这已经是半个月前的事了.我以为只是我们情感生活中小小的误会.因为几天后,我们就都忘的一干二净,我们依旧相敬如宾,过着清淡的生活,幽默风趣的笑语天天在庭院里飞舞.忽然有一天,你接了我的手机,你还没来得及问是谁,就听对方说了句:"喂,是林哥吗.你怎么一夜过了,就跟空气一样给蒸发掉呢.阿妹好想你哟."当时你一下子就闷了,只对对方说了句:"你打错了."就不再言语.几个月来就没再和我言语一句话.那天我休息,还亲自下厨,做了好多的一桌菜.因为那天是我们儿子的生日.
那是初秋的一个黄昏,我下班回来就看见你从白鸽的左腿上解下一张并没有写几个字的信纸.我也不甚奇怪,就这么进了屋.我也知道那只可爱的白鸽,对你是何等的重要.自从你接了那个女人的电话,从此不再和我言语后,你的话语仿佛都说给那只白鸽.几个月来,我们家的庭院,已经没有一丝的欢声笑语,连儿子都懂事似的也没再皮闹一回.而你的神态依旧是那么清淡,你下厨的动作也依旧的那么的娴熟而真挚.

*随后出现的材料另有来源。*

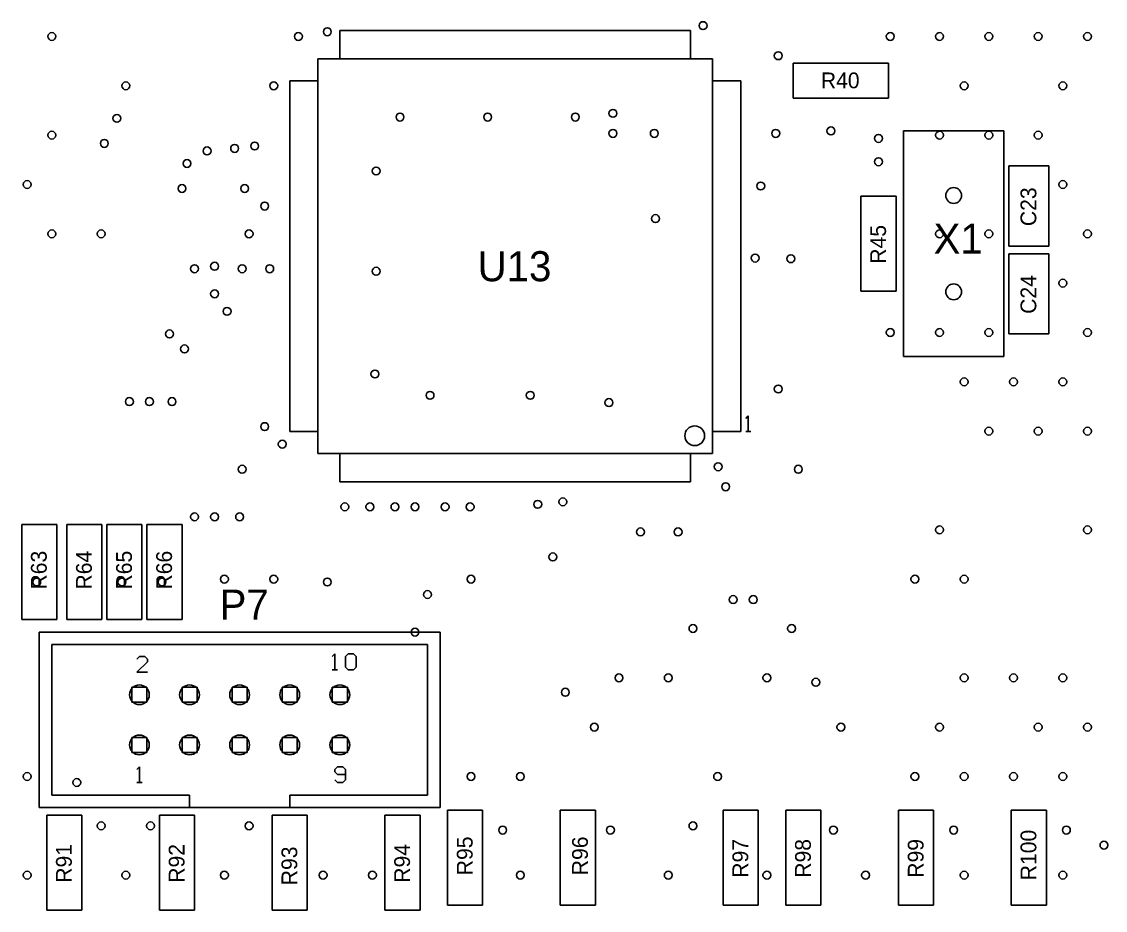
# Model space of a CAD drawing. Header units: millimetres. Extents: x 41 to 259, y 19 to 198.
# Drawn here: x 117.2 to 172.2, y 93.2 to 138.2 of the extents above; entities that cross this region are included whole.
import ezdxf

# ---------------------------------------------------------------- set-up
doc = ezdxf.new("R2010")
doc.units = ezdxf.units.MM
for name, color, linetype in [('Mechanical13', 56, 'Continuous'), ('PadHoleLayer', 156, 'Continuous'), ('ViaHoleLayer', 16, 'Continuous')]:
    doc.layers.add(name, color=color, linetype=linetype)

msp = doc.modelspace()

# ---------------------------------------------------------------- linework, layer by layer
at = {"layer": 'Mechanical13'}
for p, q in [((133.35, 136.365), (133.35, 137.795)), ((133.35, 137.795), (151.13, 137.795)), ((151.13, 136.365), (151.13, 137.795)), ((132.24, 116.365), (132.24, 136.365)), ((132.24, 136.365), (152.24, 136.365)), ((152.24, 116.365), (152.24, 136.365)), ((156.337, 134.366), (156.337, 136.144)), ((156.337, 136.144), (161.163, 136.144)), ((161.163, 134.366), (161.163, 136.144)), ((130.81, 117.475), (130.81, 135.255)), ((130.81, 135.255), (132.24, 135.255)), ((152.24, 135.255), (153.67, 135.255)), ((153.67, 117.475), (153.67, 135.255)), ((156.337, 134.366), (161.163, 134.366)), ((161.925, 121.285), (161.925, 132.715)), ((161.925, 132.715), (167.005, 132.715)), ((167.005, 121.285), (167.005, 132.715)), ((167.259, 126.873), (167.259, 130.937)), ((167.259, 130.937), (169.291, 130.937)), ((169.291, 126.873), (169.291, 130.937)), ((159.766, 129.413), (161.544, 129.413)), ((159.766, 124.587), (159.766, 129.413)), ((161.544, 124.587), (161.544, 129.413)), ((167.259, 126.873), (169.291, 126.873)), ((167.259, 122.428), (167.259, 126.492)), ((167.259, 126.492), (169.291, 126.492)), ((169.291, 122.428), (169.291, 126.492)), ((159.766, 124.587), (161.544, 124.587)), ((167.259, 122.428), (169.291, 122.428)), ((161.925, 121.285), (167.005, 121.285)), ((154.057, 118.275), (153.924, 118.141)), ((154.057, 117.475), (154.057, 118.275)), ((130.81, 117.475), (132.24, 117.475)), ((152.24, 117.475), (152.273, 117.475)), ((152.273, 117.475), (153.67, 117.475)), ((153.924, 117.475), (154.191, 117.475)), ((154.191, 117.475), (154.057, 117.475)), ((132.24, 116.365), (152.24, 116.365)), ((133.35, 114.935), (133.35, 116.332)), ((151.13, 114.935), (151.13, 116.365)), ((133.35, 114.935), (151.13, 114.935)), ((117.221, 107.95), (117.221, 112.776)), ((117.221, 112.776), (118.999, 112.776)), ((118.999, 107.95), (118.999, 112.776)), ((119.507, 107.95), (119.507, 112.776)), ((119.507, 112.776), (121.285, 112.776)), ((121.285, 107.95), (121.285, 112.776)), ((121.539, 107.95), (121.539, 112.776)), ((121.539, 112.776), (123.317, 112.776)), ((123.317, 107.95), (123.317, 112.776)), ((123.571, 107.95), (123.571, 112.776)), ((123.571, 112.776), (125.349, 112.776)), ((125.349, 107.95), (125.349, 112.776)), ((117.221, 107.95), (118.999, 107.95)), ((119.507, 107.95), (121.285, 107.95)), ((121.539, 107.95), (123.317, 107.95)), ((123.571, 107.95), (125.349, 107.95)), ((118.11, 98.425), (118.11, 107.315)), ((118.11, 107.315), (138.43, 107.315)), ((138.43, 98.425), (138.43, 107.315)), ((118.745, 99.06), (118.745, 106.68)), ((118.745, 106.68), (137.795, 106.68)), ((137.795, 99.06), (137.795, 106.68)), ((123.196, 106.083), (123.063, 105.949)), ((123.463, 106.083), (123.196, 106.083)), ((123.596, 105.949), (123.463, 106.083)), ((133.102, 106.21), (132.969, 106.076)), ((133.102, 105.41), (133.102, 106.21)), ((133.635, 106.076), (133.769, 106.21)), ((133.635, 105.543), (133.635, 106.076)), ((133.769, 106.21), (134.035, 106.21)), ((134.035, 106.21), (134.169, 106.076)), ((134.169, 106.076), (134.169, 105.543)), ((123.063, 105.283), (123.596, 105.816)), ((123.596, 105.816), (123.596, 105.949)), ((133.769, 105.41), (133.635, 105.543)), ((134.169, 105.543), (134.035, 105.41)), ((123.596, 105.283), (123.063, 105.283)), ((132.969, 105.41), (133.236, 105.41)), ((133.236, 105.41), (133.102, 105.41)), ((134.035, 105.41), (133.769, 105.41)), ((122.809, 104.521), (123.571, 104.521)), ((122.809, 103.759), (122.809, 104.521)), ((123.571, 103.759), (123.571, 104.521)), ((125.349, 104.521), (126.111, 104.521)), ((125.349, 103.759), (125.349, 104.521)), ((126.111, 103.759), (126.111, 104.521)), ((127.889, 103.759), (127.889, 104.521)), ((127.889, 104.521), (128.651, 104.521)), ((128.651, 103.759), (128.651, 104.521)), ((130.429, 103.759), (130.429, 104.521)), ((130.429, 104.521), (131.191, 104.521)), ((131.191, 103.759), (131.191, 104.521)), ((132.969, 104.521), (133.731, 104.521)), ((132.969, 103.759), (132.969, 104.521)), ((133.731, 103.759), (133.731, 104.521)), ((122.809, 103.759), (123.571, 103.759)), ((125.349, 103.759), (126.111, 103.759)), ((127.889, 103.759), (128.651, 103.759)), ((130.429, 103.759), (131.191, 103.759)), ((132.969, 103.759), (133.731, 103.759)), ((122.809, 101.981), (123.571, 101.981)), ((122.809, 101.219), (122.809, 101.981)), ((123.571, 101.219), (123.571, 101.981)), ((125.349, 101.981), (126.111, 101.981)), ((125.349, 101.219), (125.349, 101.981)), ((126.111, 101.219), (126.111, 101.981)), ((127.889, 101.219), (127.889, 101.981)), ((127.889, 101.981), (128.651, 101.981)), ((128.651, 101.219), (128.651, 101.981)), ((130.429, 101.219), (130.429, 101.981)), ((130.429, 101.981), (131.191, 101.981)), ((131.191, 101.219), (131.191, 101.981)), ((132.969, 101.981), (133.731, 101.981)), ((132.969, 101.219), (132.969, 101.981)), ((133.731, 101.219), (133.731, 101.981)), ((122.809, 101.219), (123.571, 101.219)), ((125.349, 101.219), (126.111, 101.219)), ((127.889, 101.219), (128.651, 101.219)), ((130.429, 101.219), (131.191, 101.219)), ((132.969, 101.219), (133.731, 101.219)), ((123.196, 100.495), (123.063, 100.361)), ((123.196, 99.695), (123.196, 100.495)), ((133.229, 100.495), (133.096, 100.361)), ((133.096, 100.361), (133.096, 100.228)), ((133.096, 100.228), (133.229, 100.095)), ((133.496, 100.495), (133.229, 100.495)), ((133.229, 100.095), (133.629, 100.095)), ((133.629, 100.361), (133.496, 100.495)), ((133.629, 99.828), (133.629, 100.361)), ((123.063, 99.695), (123.33, 99.695)), ((123.33, 99.695), (123.196, 99.695)), ((133.096, 99.828), (133.229, 99.695)), ((133.229, 99.695), (133.496, 99.695)), ((133.496, 99.695), (133.629, 99.828)), ((118.745, 99.06), (125.73, 99.06)), ((125.73, 98.425), (125.73, 99.06)), ((130.81, 98.425), (130.81, 99.06)), ((130.81, 99.06), (137.795, 99.06)), ((118.11, 98.425), (138.43, 98.425)), ((118.491, 93.218), (118.491, 98.044)), ((118.491, 98.044), (120.269, 98.044)), ((120.269, 93.218), (120.269, 98.044)), ((124.206, 93.218), (124.206, 98.044)), ((124.206, 98.044), (125.984, 98.044)), ((125.984, 93.218), (125.984, 98.044)), ((129.921, 93.218), (129.921, 98.044)), ((129.921, 98.044), (131.699, 98.044)), ((131.699, 93.218), (131.699, 98.044)), ((135.636, 93.218), (135.636, 98.044)), ((135.636, 98.044), (137.414, 98.044)), ((137.414, 93.218), (137.414, 98.044)), ((138.811, 93.472), (138.811, 98.298)), ((138.811, 98.298), (140.589, 98.298)), ((140.589, 93.472), (140.589, 98.298)), ((144.526, 93.472), (144.526, 98.298)), ((144.526, 98.298), (146.304, 98.298)), ((146.304, 93.472), (146.304, 98.298)), ((152.781, 93.472), (152.781, 98.298)), ((152.781, 98.298), (154.559, 98.298)), ((154.559, 93.472), (154.559, 98.298)), ((155.956, 93.472), (155.956, 98.298)), ((155.956, 98.298), (157.734, 98.298)), ((157.734, 93.472), (157.734, 98.298)), ((161.671, 93.472), (161.671, 98.298)), ((161.671, 98.298), (163.449, 98.298)), ((163.449, 93.472), (163.449, 98.298)), ((167.386, 93.472), (167.386, 98.298)), ((167.386, 98.298), (169.164, 98.298)), ((169.164, 93.472), (169.164, 98.298)), ((138.811, 93.472), (140.589, 93.472)), ((144.526, 93.472), (146.304, 93.472)), ((152.781, 93.472), (154.559, 93.472)), ((155.956, 93.472), (157.734, 93.472)), ((161.671, 93.472), (163.449, 93.472)), ((167.386, 93.472), (169.164, 93.472)), ((118.491, 93.218), (120.269, 93.218)), ((124.206, 93.218), (125.984, 93.218)), ((129.921, 93.218), (131.699, 93.218)), ((135.636, 93.218), (137.414, 93.218))]:
    msp.add_line(p, q, dxfattribs=at)
msp.add_circle((151.34, 117.265), 0.5, dxfattribs=at)
at = {"layer": 'PadHoleLayer'}
for centre, radius in [((164.465, 129.44), 0.4), ((164.465, 124.56), 0.4), ((123.19, 104.14), 0.5), ((125.73, 104.14), 0.5), ((128.27, 104.14), 0.5), ((130.81, 104.14), 0.5), ((133.35, 104.14), 0.5), ((123.19, 101.6), 0.5), ((125.73, 101.6), 0.5), ((128.27, 101.6), 0.5), ((130.81, 101.6), 0.5), ((133.35, 101.6), 0.5)]:
    msp.add_circle(centre, radius, dxfattribs=at)
at = {"layer": 'ViaHoleLayer'}
for centre in [(132.715, 137.74), (151.765, 138.049), (118.75, 137.5), (131.25, 137.5), (161.25, 137.5), (163.75, 137.5), (166.25, 137.5), (168.75, 137.5), (171.25, 137.5), (155.575, 136.525), (122.5, 135), (130, 135), (165, 135), (170, 135), (122.047, 133.35), (136.398, 133.415), (140.843, 133.415), (145.288, 133.415), (147.193, 133.604), (118.75, 132.5), (147.193, 132.588), (149.29, 132.588), (155.448, 132.588), (158.242, 132.715), (160.655, 132.334), (163.75, 132.5), (166.25, 132.5), (168.75, 132.5), (121.412, 132.08), (126.619, 131.699), (128.016, 131.826), (129.032, 131.949), (160.655, 131.152), (125.603, 131.064), (135.19, 130.683), (117.5, 130), (170, 130), (125.349, 129.794), (128.524, 129.794), (154.686, 129.921), (129.54, 128.905), (149.352, 128.27), (118.75, 127.5), (121.25, 127.5), (128.75, 127.5), (163.75, 127.5), (166.25, 127.5), (171.25, 127.5), (154.402, 126.27), (156.21, 126.238), (125.984, 125.73), (127, 125.857), (128.397, 125.73), (129.794, 125.73), (135.19, 125.603), (170, 125), (127, 124.46), (127.635, 123.571), (124.714, 122.428), (161.25, 122.5), (163.75, 122.5), (166.25, 122.5), (171.25, 122.5), (125.476, 121.666), (135.128, 120.396), (155.575, 119.634), (165, 120), (167.5, 120), (170, 120), (137.922, 119.315), (143.002, 119.315), (122.682, 118.999), (123.698, 118.999), (124.841, 118.999), (146.99, 118.948), (129.54, 117.729), (166.25, 117.5), (168.75, 117.5), (171.25, 117.5), (130.429, 116.84), (128.397, 115.57), (152.527, 115.697), (156.591, 115.57), (152.908, 114.681), (133.604, 113.665), (134.874, 113.665), (136.144, 113.665), (137.16, 113.665), (138.684, 113.665), (139.954, 113.665), (143.383, 113.792), (144.653, 113.919), (125.984, 113.157), (127, 113.157), (128.27, 113.157), (163.75, 112.5), (171.25, 112.5), (148.59, 112.395), (150.495, 112.395), (144.145, 111.125), (117.983, 109.855), (122.301, 109.855), (124.333, 109.855), (127.5, 110), (130, 110), (132.715, 109.855), (140, 110), (162.5, 110), (165, 110), (137.795, 109.22), (153.289, 108.966), (154.305, 108.966), (151.25, 107.5), (156.25, 107.5), (137.16, 107.315), (147.5, 105), (150, 105), (155, 105), (157.48, 104.775), (165, 105), (167.5, 105), (170, 105), (144.78, 104.267), (146.25, 102.5), (158.75, 102.5), (163.75, 102.5), (168.75, 102.5), (171.25, 102.5), (117.5, 100), (140, 100), (142.5, 100), (152.5, 100), (162.5, 100), (165, 100), (167.5, 100), (170, 100), (120.015, 99.695), (121.25, 97.5), (123.75, 97.5), (128.75, 97.5), (141.605, 97.282), (147.066, 97.282), (151.25, 97.5), (158.369, 97.282), (164.465, 97.282), (170.18, 97.282), (172.085, 96.52), (117.5, 95), (122.5, 95), (127.5, 95), (132.5, 95), (135, 95), (142.5, 95), (150, 95), (155, 95), (160, 95), (165, 95), (170, 95)]:
    msp.add_circle(centre, 0.2, dxfattribs=at)

# ---------------------------------------------------------------- texts
at = {"layer": 'Mechanical13'}
for s, height, p in [('R40', 0.8, (157.734, 134.874)), ('X1', 1.524, (163.449, 126.492)), ('U13', 1.524, (140.335, 125.095)), ('P7', 1.524, (127.254, 107.95))]:
    msp.add_text(s, height=height, dxfattribs=at).set_placement(p)
for s, p in [('C23', (168.656, 127.889)), ('R45', (161.036, 125.984)), ('C24', (168.656, 123.444)), ('R63', (118.491, 109.474)), ('R64', (120.777, 109.474)), ('R65', (122.809, 109.474)), ('R66', (124.841, 109.474)), ('R100', (168.656, 94.742)), ('R95', (140.081, 94.996)), ('R96', (145.923, 94.996)), ('R97', (154.051, 94.869)), ('R98', (157.226, 94.869)), ('R99', (162.941, 94.869)), ('R91', (119.761, 94.615)), ('R92', (125.476, 94.615)), ('R93', (131.191, 94.488)), ('R94', (136.906, 94.615))]:
    msp.add_text(s, height=0.8, rotation=90, dxfattribs=at).set_placement(p)

doc.saveas('drawing.dxf')

我真的害怕有一天就这么失去你.你依旧没有回来,我真的有点冷了,站在庭院这么久.我进屋想披件外套,不想就这么先看见你的外套也挂在那里.这么一个寒气逼人的日子,你去了那么久,能不冷吗?我还能想些什么呢?我一时竟忘了自己的外套,拎起你的外套,和我一直放在怀里几个月来,你与白鸽所有的托付之言一并带上,去找你.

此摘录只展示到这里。